-- RECORDS PROVIDED --
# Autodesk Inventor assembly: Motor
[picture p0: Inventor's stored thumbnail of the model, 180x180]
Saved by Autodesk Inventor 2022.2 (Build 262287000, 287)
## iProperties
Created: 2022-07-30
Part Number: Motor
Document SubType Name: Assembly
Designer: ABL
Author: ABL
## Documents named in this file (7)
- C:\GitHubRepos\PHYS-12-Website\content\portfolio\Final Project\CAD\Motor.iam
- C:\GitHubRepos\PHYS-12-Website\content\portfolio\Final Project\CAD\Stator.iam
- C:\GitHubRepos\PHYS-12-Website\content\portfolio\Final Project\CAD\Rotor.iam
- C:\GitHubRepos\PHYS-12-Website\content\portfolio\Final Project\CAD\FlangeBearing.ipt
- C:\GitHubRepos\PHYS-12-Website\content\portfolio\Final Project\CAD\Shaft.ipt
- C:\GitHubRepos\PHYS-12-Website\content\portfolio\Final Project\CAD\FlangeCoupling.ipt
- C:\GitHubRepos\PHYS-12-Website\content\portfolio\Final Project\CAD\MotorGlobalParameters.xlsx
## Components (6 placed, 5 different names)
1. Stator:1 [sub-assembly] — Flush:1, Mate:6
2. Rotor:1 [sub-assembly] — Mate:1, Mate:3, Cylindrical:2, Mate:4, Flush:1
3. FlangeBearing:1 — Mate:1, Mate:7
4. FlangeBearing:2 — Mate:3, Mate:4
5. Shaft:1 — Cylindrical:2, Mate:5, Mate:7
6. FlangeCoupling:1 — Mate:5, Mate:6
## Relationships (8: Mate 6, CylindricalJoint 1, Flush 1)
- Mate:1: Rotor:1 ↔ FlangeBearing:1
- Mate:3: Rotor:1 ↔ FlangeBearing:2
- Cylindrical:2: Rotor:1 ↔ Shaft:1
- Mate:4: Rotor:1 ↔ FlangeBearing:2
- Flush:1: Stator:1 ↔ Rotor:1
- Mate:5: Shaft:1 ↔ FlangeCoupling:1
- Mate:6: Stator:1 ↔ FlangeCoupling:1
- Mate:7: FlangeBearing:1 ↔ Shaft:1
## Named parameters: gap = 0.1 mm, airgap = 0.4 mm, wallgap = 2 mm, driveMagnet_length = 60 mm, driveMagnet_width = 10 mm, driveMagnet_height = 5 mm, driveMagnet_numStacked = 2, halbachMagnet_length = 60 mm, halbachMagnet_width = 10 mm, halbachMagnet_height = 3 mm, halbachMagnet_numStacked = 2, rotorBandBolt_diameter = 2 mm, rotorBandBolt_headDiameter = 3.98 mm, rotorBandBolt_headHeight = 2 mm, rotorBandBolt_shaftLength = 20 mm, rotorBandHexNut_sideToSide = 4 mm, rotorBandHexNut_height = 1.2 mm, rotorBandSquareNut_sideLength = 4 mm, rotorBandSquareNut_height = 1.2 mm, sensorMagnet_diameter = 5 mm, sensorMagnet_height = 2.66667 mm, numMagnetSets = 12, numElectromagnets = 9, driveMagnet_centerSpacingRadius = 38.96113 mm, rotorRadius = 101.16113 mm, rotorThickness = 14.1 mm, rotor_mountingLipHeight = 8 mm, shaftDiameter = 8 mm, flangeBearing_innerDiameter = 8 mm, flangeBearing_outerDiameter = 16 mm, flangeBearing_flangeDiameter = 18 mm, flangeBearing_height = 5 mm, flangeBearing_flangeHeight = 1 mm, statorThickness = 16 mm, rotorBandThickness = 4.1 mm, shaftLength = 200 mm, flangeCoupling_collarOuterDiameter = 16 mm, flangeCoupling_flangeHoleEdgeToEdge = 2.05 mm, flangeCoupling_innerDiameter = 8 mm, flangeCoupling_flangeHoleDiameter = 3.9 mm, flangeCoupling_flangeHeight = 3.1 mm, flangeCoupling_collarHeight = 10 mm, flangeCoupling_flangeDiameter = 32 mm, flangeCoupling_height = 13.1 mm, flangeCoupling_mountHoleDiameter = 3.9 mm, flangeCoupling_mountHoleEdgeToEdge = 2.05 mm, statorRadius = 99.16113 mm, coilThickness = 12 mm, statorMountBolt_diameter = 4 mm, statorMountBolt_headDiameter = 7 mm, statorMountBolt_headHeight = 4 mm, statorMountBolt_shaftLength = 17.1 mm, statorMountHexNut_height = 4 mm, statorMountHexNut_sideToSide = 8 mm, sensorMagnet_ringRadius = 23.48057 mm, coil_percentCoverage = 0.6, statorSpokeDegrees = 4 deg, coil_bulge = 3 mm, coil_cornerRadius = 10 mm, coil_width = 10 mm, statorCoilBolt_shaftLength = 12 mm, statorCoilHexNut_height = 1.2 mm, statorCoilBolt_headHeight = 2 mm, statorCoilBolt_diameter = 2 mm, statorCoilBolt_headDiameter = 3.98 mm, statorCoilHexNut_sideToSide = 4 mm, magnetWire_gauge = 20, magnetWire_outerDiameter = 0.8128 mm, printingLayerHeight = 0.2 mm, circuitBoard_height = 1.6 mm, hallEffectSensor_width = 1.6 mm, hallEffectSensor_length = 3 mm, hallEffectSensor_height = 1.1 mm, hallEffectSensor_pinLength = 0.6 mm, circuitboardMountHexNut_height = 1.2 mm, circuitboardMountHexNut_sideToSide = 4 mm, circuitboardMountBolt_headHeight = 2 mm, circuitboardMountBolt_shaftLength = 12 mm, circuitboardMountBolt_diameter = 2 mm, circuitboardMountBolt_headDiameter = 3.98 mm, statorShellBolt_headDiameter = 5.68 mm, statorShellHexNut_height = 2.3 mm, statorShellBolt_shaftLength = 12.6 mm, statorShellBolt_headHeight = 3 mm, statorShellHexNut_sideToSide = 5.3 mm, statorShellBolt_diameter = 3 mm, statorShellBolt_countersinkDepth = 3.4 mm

-- EXERCISE BRIEF --
In the data above, repeat exactly each line from the first through the line that contains "- Mate:7: FlangeBearing:1 ↔ Shaft:1", and give nothing else.

-- REPLY TO THE EXERCISE --
# Autodesk Inventor assembly: Motor
[picture p0: Inventor's stored thumbnail of the model, 180x180]
Saved by Autodesk Inventor 2022.2 (Build 262287000, 287)
## iProperties
Created: 2022-07-30
Part Number: Motor
Document SubType Name: Assembly
Designer: ABL
Author: ABL
## Documents named in this file (7)
- C:\GitHubRepos\PHYS-12-Website\content\portfolio\Final Project\CAD\Motor.iam
- C:\GitHubRepos\PHYS-12-Website\content\portfolio\Final Project\CAD\Stator.iam
- C:\GitHubRepos\PHYS-12-Website\content\portfolio\Final Project\CAD\Rotor.iam
- C:\GitHubRepos\PHYS-12-Website\content\portfolio\Final Project\CAD\FlangeBearing.ipt
- C:\GitHubRepos\PHYS-12-Website\content\portfolio\Final Project\CAD\Shaft.ipt
- C:\GitHubRepos\PHYS-12-Website\content\portfolio\Final Project\CAD\FlangeCoupling.ipt
- C:\GitHubRepos\PHYS-12-Website\content\portfolio\Final Project\CAD\MotorGlobalParameters.xlsx
## Components (6 placed, 5 different names)
1. Stator:1 [sub-assembly] — Flush:1, Mate:6
2. Rotor:1 [sub-assembly] — Mate:1, Mate:3, Cylindrical:2, Mate:4, Flush:1
3. FlangeBearing:1 — Mate:1, Mate:7
4. FlangeBearing:2 — Mate:3, Mate:4
5. Shaft:1 — Cylindrical:2, Mate:5, Mate:7
6. FlangeCoupling:1 — Mate:5, Mate:6
## Relationships (8: Mate 6, CylindricalJoint 1, Flush 1)
- Mate:1: Rotor:1 ↔ FlangeBearing:1
- Mate:3: Rotor:1 ↔ FlangeBearing:2
- Cylindrical:2: Rotor:1 ↔ Shaft:1
- Mate:4: Rotor:1 ↔ FlangeBearing:2
- Flush:1: Stator:1 ↔ Rotor:1
- Mate:5: Shaft:1 ↔ FlangeCoupling:1
- Mate:6: Stator:1 ↔ FlangeCoupling:1
- Mate:7: FlangeBearing:1 ↔ Shaft:1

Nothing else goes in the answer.